Je lis assez peu de livres en une année et j’essaie toujours du coup d’acheter des ouvrages assez peu épais. J’ai presque établi un record avec Il a jamais tué personne, mon papa et sa petite centaine de pages, sa cinquante d’histoires et son mini-prix (2€85).

Le pitch est assez simple : un p’tit garçon de dix ans raconte de multiples souvenirs d’enfance tous centrés sur son père, médecin, un peu fou-fou, un peu alcoolique aussi. Les petits récits sont touchants, parfois drôles, parfois tristes. Le bouquin se lit ô combien facilement, avec une fausse trame qui permet de ne pas trop se focaliser sur tous les détails et garder l’esprit léger.

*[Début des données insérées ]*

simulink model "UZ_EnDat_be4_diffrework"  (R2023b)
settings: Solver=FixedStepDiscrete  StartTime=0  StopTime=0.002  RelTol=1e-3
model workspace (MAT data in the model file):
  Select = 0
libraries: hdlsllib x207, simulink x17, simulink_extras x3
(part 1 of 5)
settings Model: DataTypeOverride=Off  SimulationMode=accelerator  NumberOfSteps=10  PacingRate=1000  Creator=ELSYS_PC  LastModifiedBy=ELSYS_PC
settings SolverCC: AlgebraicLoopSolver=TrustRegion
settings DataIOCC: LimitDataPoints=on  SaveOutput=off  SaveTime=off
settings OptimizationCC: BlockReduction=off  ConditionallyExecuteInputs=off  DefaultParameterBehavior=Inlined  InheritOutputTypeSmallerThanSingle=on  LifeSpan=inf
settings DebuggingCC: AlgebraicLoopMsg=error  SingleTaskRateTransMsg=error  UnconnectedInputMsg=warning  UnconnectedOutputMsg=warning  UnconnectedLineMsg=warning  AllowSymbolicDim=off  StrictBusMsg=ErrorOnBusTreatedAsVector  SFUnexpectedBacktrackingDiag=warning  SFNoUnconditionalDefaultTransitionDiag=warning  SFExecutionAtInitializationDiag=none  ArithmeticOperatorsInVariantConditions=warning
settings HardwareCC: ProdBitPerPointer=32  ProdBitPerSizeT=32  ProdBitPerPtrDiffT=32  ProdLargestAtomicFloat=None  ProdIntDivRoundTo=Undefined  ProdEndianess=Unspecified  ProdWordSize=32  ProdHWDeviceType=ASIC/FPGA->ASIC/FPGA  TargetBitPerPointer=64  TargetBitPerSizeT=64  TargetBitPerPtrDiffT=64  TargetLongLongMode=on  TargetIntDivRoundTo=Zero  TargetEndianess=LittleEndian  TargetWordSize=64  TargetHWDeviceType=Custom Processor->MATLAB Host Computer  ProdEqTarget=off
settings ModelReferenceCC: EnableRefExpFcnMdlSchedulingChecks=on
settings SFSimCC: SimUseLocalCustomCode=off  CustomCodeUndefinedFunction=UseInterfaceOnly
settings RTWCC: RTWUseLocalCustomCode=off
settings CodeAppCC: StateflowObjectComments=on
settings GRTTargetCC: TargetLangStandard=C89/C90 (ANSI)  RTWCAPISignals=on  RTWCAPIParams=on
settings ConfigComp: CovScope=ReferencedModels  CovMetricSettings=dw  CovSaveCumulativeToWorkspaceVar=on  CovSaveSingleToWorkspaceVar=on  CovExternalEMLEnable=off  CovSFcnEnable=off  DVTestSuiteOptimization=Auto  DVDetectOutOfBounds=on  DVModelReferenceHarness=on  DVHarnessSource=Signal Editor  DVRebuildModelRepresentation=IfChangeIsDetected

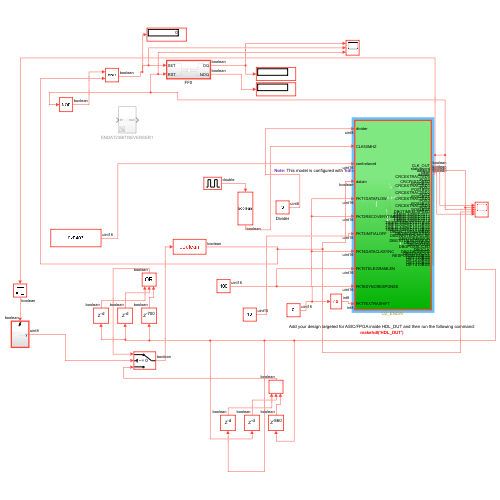
[thumbnail: Simulink's stored preview of the top-level diagram]
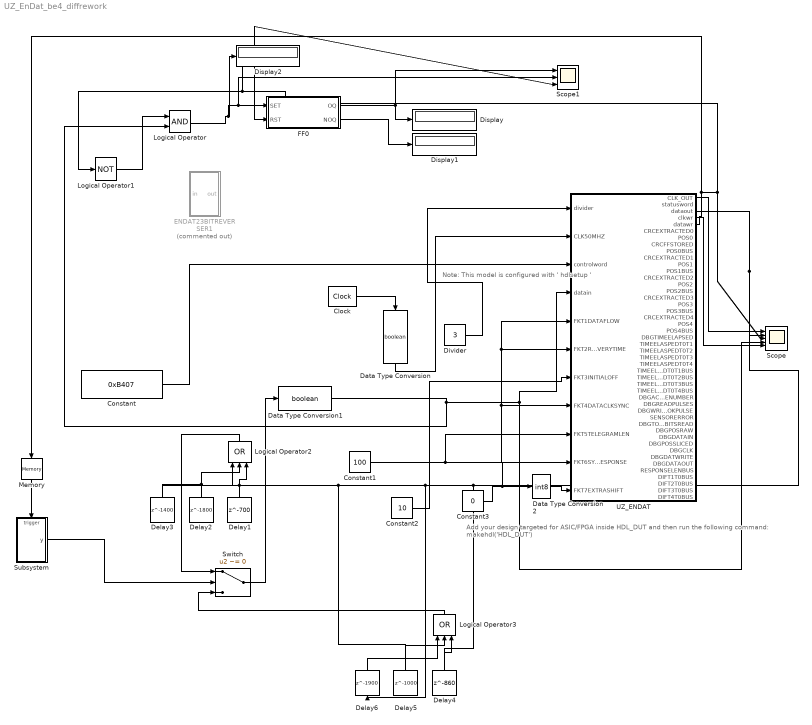
== system UZ_EnDat_be4_diffrework ==
  note: Note: This model is configured with ' hdlsetup '
  note: Add your design targeted for ASIC/FPGA inside HDL_DUT and then run the following command:
      | makehdl('HDL_DUT')
  Clock : simulink_extras/Flip Flops/Clock  period=2E-8
  Constant : Constant  Value=0xB407  OutDataTypeStr=uint16  SampleTime=-1
  Constant1 : Constant  Value=100  OutDataTypeStr=uint16  SampleTime=-1
  Constant2 : Constant  Value=10  OutDataTypeStr=uint16  SampleTime=-1
  Constant3 : Constant  Value=0  OutDataTypeStr=uint16  SampleTime=-1
  Data Type Conversion : DataTypeConversion  OutDataTypeStr=boolean  SaturateOnIntegerOverflow=off  RndMeth=Floor
  Data Type Conversion1 : DataTypeConversion  OutDataTypeStr=boolean  SaturateOnIntegerOverflow=off  RndMeth=Floor
  Data Type Conversion2 : DataTypeConversion  OutDataTypeStr=int8  SaturateOnIntegerOverflow=off  RndMeth=Floor
  Delay1 : Delay  DelayLength=700
  Delay2 : Delay  DelayLength=1800
  Delay3 : Delay  DelayLength=1400
  Delay4 : Delay  DelayLength=860
  Delay5 : Delay  DelayLength=1000
  Delay6 : Delay  DelayLength=1900
  Display : Display
  Display1 : Display
  Display2 : Display
  Divider : Constant  Value=3  OutMin=0  OutMax=7  OutDataTypeStr=uint8  SampleTime=-1
  ENDAT23BITREVERSER1 : Subsystem  Commented=on
  FF0 : Subsystem  TreatAsAtomicUnit=on
      settings: LibrarySourceBlock=|
      | hdlsllib/Ports &
      | Subsystems/Triggered
      | Subsystem
  Logical Operator : Logic  AllPortsSameDT=off  OutDataTypeStr=boolean
  Logical Operator1 : Logic  Operator=NOT  AllPortsSameDT=off  OutDataTypeStr=boolean
  Logical Operator2 : Logic  Operator=OR  Inputs=3  AllPortsSameDT=off  OutDataTypeStr=boolean
  Logical Operator3 : Logic  Operator=OR  Inputs=3  AllPortsSameDT=off  OutDataTypeStr=boolean
  Memory : Memory  InheritSampleTime=on
  Scope : Scope  NumInputPorts=5
  Scope1 : Scope  NumInputPorts=3
  Subsystem : Subsystem
  Switch : Switch  Criteria=u2 ~= 0  SaturateOnIntegerOverflow=off  InputSameDT=off
  UZ_ENDAT : Subsystem  TreatAsAtomicUnit=on
  wires:
  Constant/1 -> UZ_ENDAT/3(controlword)
  Data Type Conversion/1 -> UZ_ENDAT/2(CLK50MHZ)
  Divider/1 -> UZ_ENDAT/1(divider)
  Clock/1 -> Data Type Conversion/1
  Data Type Conversion1/1 -> Logical Operator/2, Scope/4, UZ_ENDAT/4(datain)
  Delay1/1 -> Logical Operator2/3
  UZ_ENDAT/1(CLK_OUT) -> Scope/1
  UZ_ENDAT/5(datawr) -> Memory/1, Scope1/3, FF0/2(RST), Logical Operator1/1, Scope/3
  Constant1/1 -> UZ_ENDAT/5(FKT1DATAFLOW), UZ_ENDAT/6(FKT2RECOVERYTIME), UZ_ENDAT/8(FKT4DATACLKSYNC), UZ_ENDAT/9(FKT5TELEGRAMLEN)
  Constant2/1 -> UZ_ENDAT/7(FKT3INITIALOFF)
  FF0/1(OQ) -> Scope1/1, Display/1
  Logical Operator/1 -> Scope1/2, FF0/1(SET), Display2/1
  FF0/2(NOQ) -> Display1/1
  Logical Operator1/1 -> Logical Operator/1
  Delay2/1 -> Logical Operator2/2
  Delay3/1 -> Logical Operator2/1
  Logical Operator2/1 -> Switch/1
  Switch/1 -> Data Type Conversion1/1
  Delay6/1 -> Logical Operator3/1
  Delay5/1 -> Logical Operator3/2
  Logical Operator3/1 -> Switch/3
  Delay4/1 -> Logical Operator3/3
  UZ_ENDAT/3(dataout) -> Delay4/1, Delay6/1, Delay3/1, Delay2/1, Delay1/1, Delay5/1, Scope/2
  Subsystem/1(y) -> Switch/2
  Memory/1 -> Subsystem/Trigger
  UZ_ENDAT/4(clkwr) -> Scope/5
  Constant3/1 -> UZ_ENDAT/10(FKT6SYNCRESPONSE), Data Type Conversion2/1
  Data Type Conversion2/1 -> UZ_ENDAT/11(FKT7EXTRASHIFT)

== system UZ_EnDat_be4_diffrework/ENDAT23BITREVERSER1 ==
  in : Inport
  16BITREVERSER : Subsystem
  16BITREVERSER1 : Subsystem
  Bit Concat : hdlsllib/Logic and Bit Operations/Bit Concat  numInputs=2
  Bit Shift : hdlsllib/Logic and Bit Operations/Bit Shift  mode=Shift Right Logical  N=8
  Bit Slice : hdlsllib/Logic and Bit Operations/Bit Slice  lidx=15  ridx=0
  Bit Slice1 : hdlsllib/Logic and Bit Operations/Bit Slice  lidx=22  ridx=16
  out : Outport
  wires:
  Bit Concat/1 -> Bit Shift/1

J’ai choisi un extrait (formaté comme dans le livre), d’une histoire qui touche un peu à ce que j’ai pu vivre plus jeune, rien de dramatique dans tout ça, pas de psychanalyse s’il vous plait. Ça m’a juste fais sourire, comme de nombreux passages, concernant le papa au bar, qui consulte en chaussette, qui fait le mort, et tant d’autre petites péripéties.

Au café avec papa

Un dimanche, papa m’a emmené avec lui
dans un café et il m’a offert l’apéritif comme
à un grand. J’avais quand même onze ans.
C’était vraiment dimanche.
J’ai pris un Martini, parce que le Martini
c’est un peu sucré. Il y avait un petit morceau
de peau de citron qui flottait dessus. On
me l’a servi dans un verre très épais qui faisait
comme une loupe, ça donnait l’impression
qu’il y avait beaucoup de Martini dedans.
C’était pas vrai, on arrivait très vite au fond
du verre.
J’étais fier d’être tout seul avec papa. Tout
le monde venait lui dire bonjour et il me pré-
sentait. J’étais le fils aîné.
Je me sentais bien, j’avais un peu chaud
aux oreilles avec le Martini, je trouvais tout
le monde très gentil.
On est bien dans un café, on s’occupe de
vous. Quand vous avez envie de quelque
chose, vous dites le nom de la chose et elle
arrive devant vous, comme dans les contes de
fées. Papa, il était capable de dire vingt fois
« Martini » dans la journée, et vingt fois il y
avait un Martini qui arrivait.
Ce jour-là, papa s’est intéressé à moi. Il
m’a demandé ce que je voulais faire plus tard.
Je lui ai dit que je voulais faire du théâtre. Je
crois qu’il m’a dit que c’était pas un vrai
métier. Il me parlait comme à un homme.
Puis, papa, il a redit « Martini » plusieurs
fois et c’est devenu moins bien.


  1. 1 Olan » 28 avr 2009 à 21:34

    Oui, j’imagine bien Gé, effectivement !

  2. 2 GuiGui » 29 avr 2009 à 00:40

    Pour info c’est son histoire à lui Fournier qu’il raconte dans son livre, et son dernier livre en date est « Où on va Papa », et c’est aussi son histoire avec ses 2 enfants handicapés.
    2 très beaux livres, émouvants, touchants, tristes et drôles à la fois.

  3. 3 zac » 29 avr 2009 à 00:42

    Oui, effectivement j’ai mal tourné mon texte, c’est bien sa vie, son père qui font l’histoire… Vive moi :-)

    J’essaierai de trouver « Où on va papa », pour rester dans le move ! Merci GuiGui.

  4. 4 GuiGui » 29 avr 2009 à 00:42

    Pour info c’est son histoire personnelle, et son dernier livre « Où on va Papa ? » est aussi son histoire dans laquelle il parle de ses 2 enfants handicapés. Ce dernier a reçu le prix Femina 2009.

  5. 5 zac » 29 avr 2009 à 00:49

    Là j’ai bien compris :-)

    Tu n’étais pas sûr que ton commentaire soit publié la première fois ?

  6. 6 GuiGui » 29 avr 2009 à 01:14

    Exactement… ça a sauté sur une autre page entre temps et quand je suis revenu pas de commentaire… donc je me suis un peu répété… Je pollue un peu sans le vouloir désolé.
    Mais pour en revenir à Fournier, y’a aussi « Le CV de Dieu » qui est très bon. Le speech c’est qu’une fois que Dieu a créé la terre il s’ennuie et du coup il rédige son CV pour trouver du boulot… :)
    (Quitte à polluer autant y aller jusqu’au bout ! :) )

  7. 7 zac » 29 avr 2009 à 01:17

    Dire des choses intéressantes n’a jamais pollué mes commentaires, tu peux te lâcher :-)

    Il a fait aussi des bouquin sur l’orthographe et la grammaire je crois… Ça semble à chaque fois être des idées toutes bêtes, mais terriblement efficaces.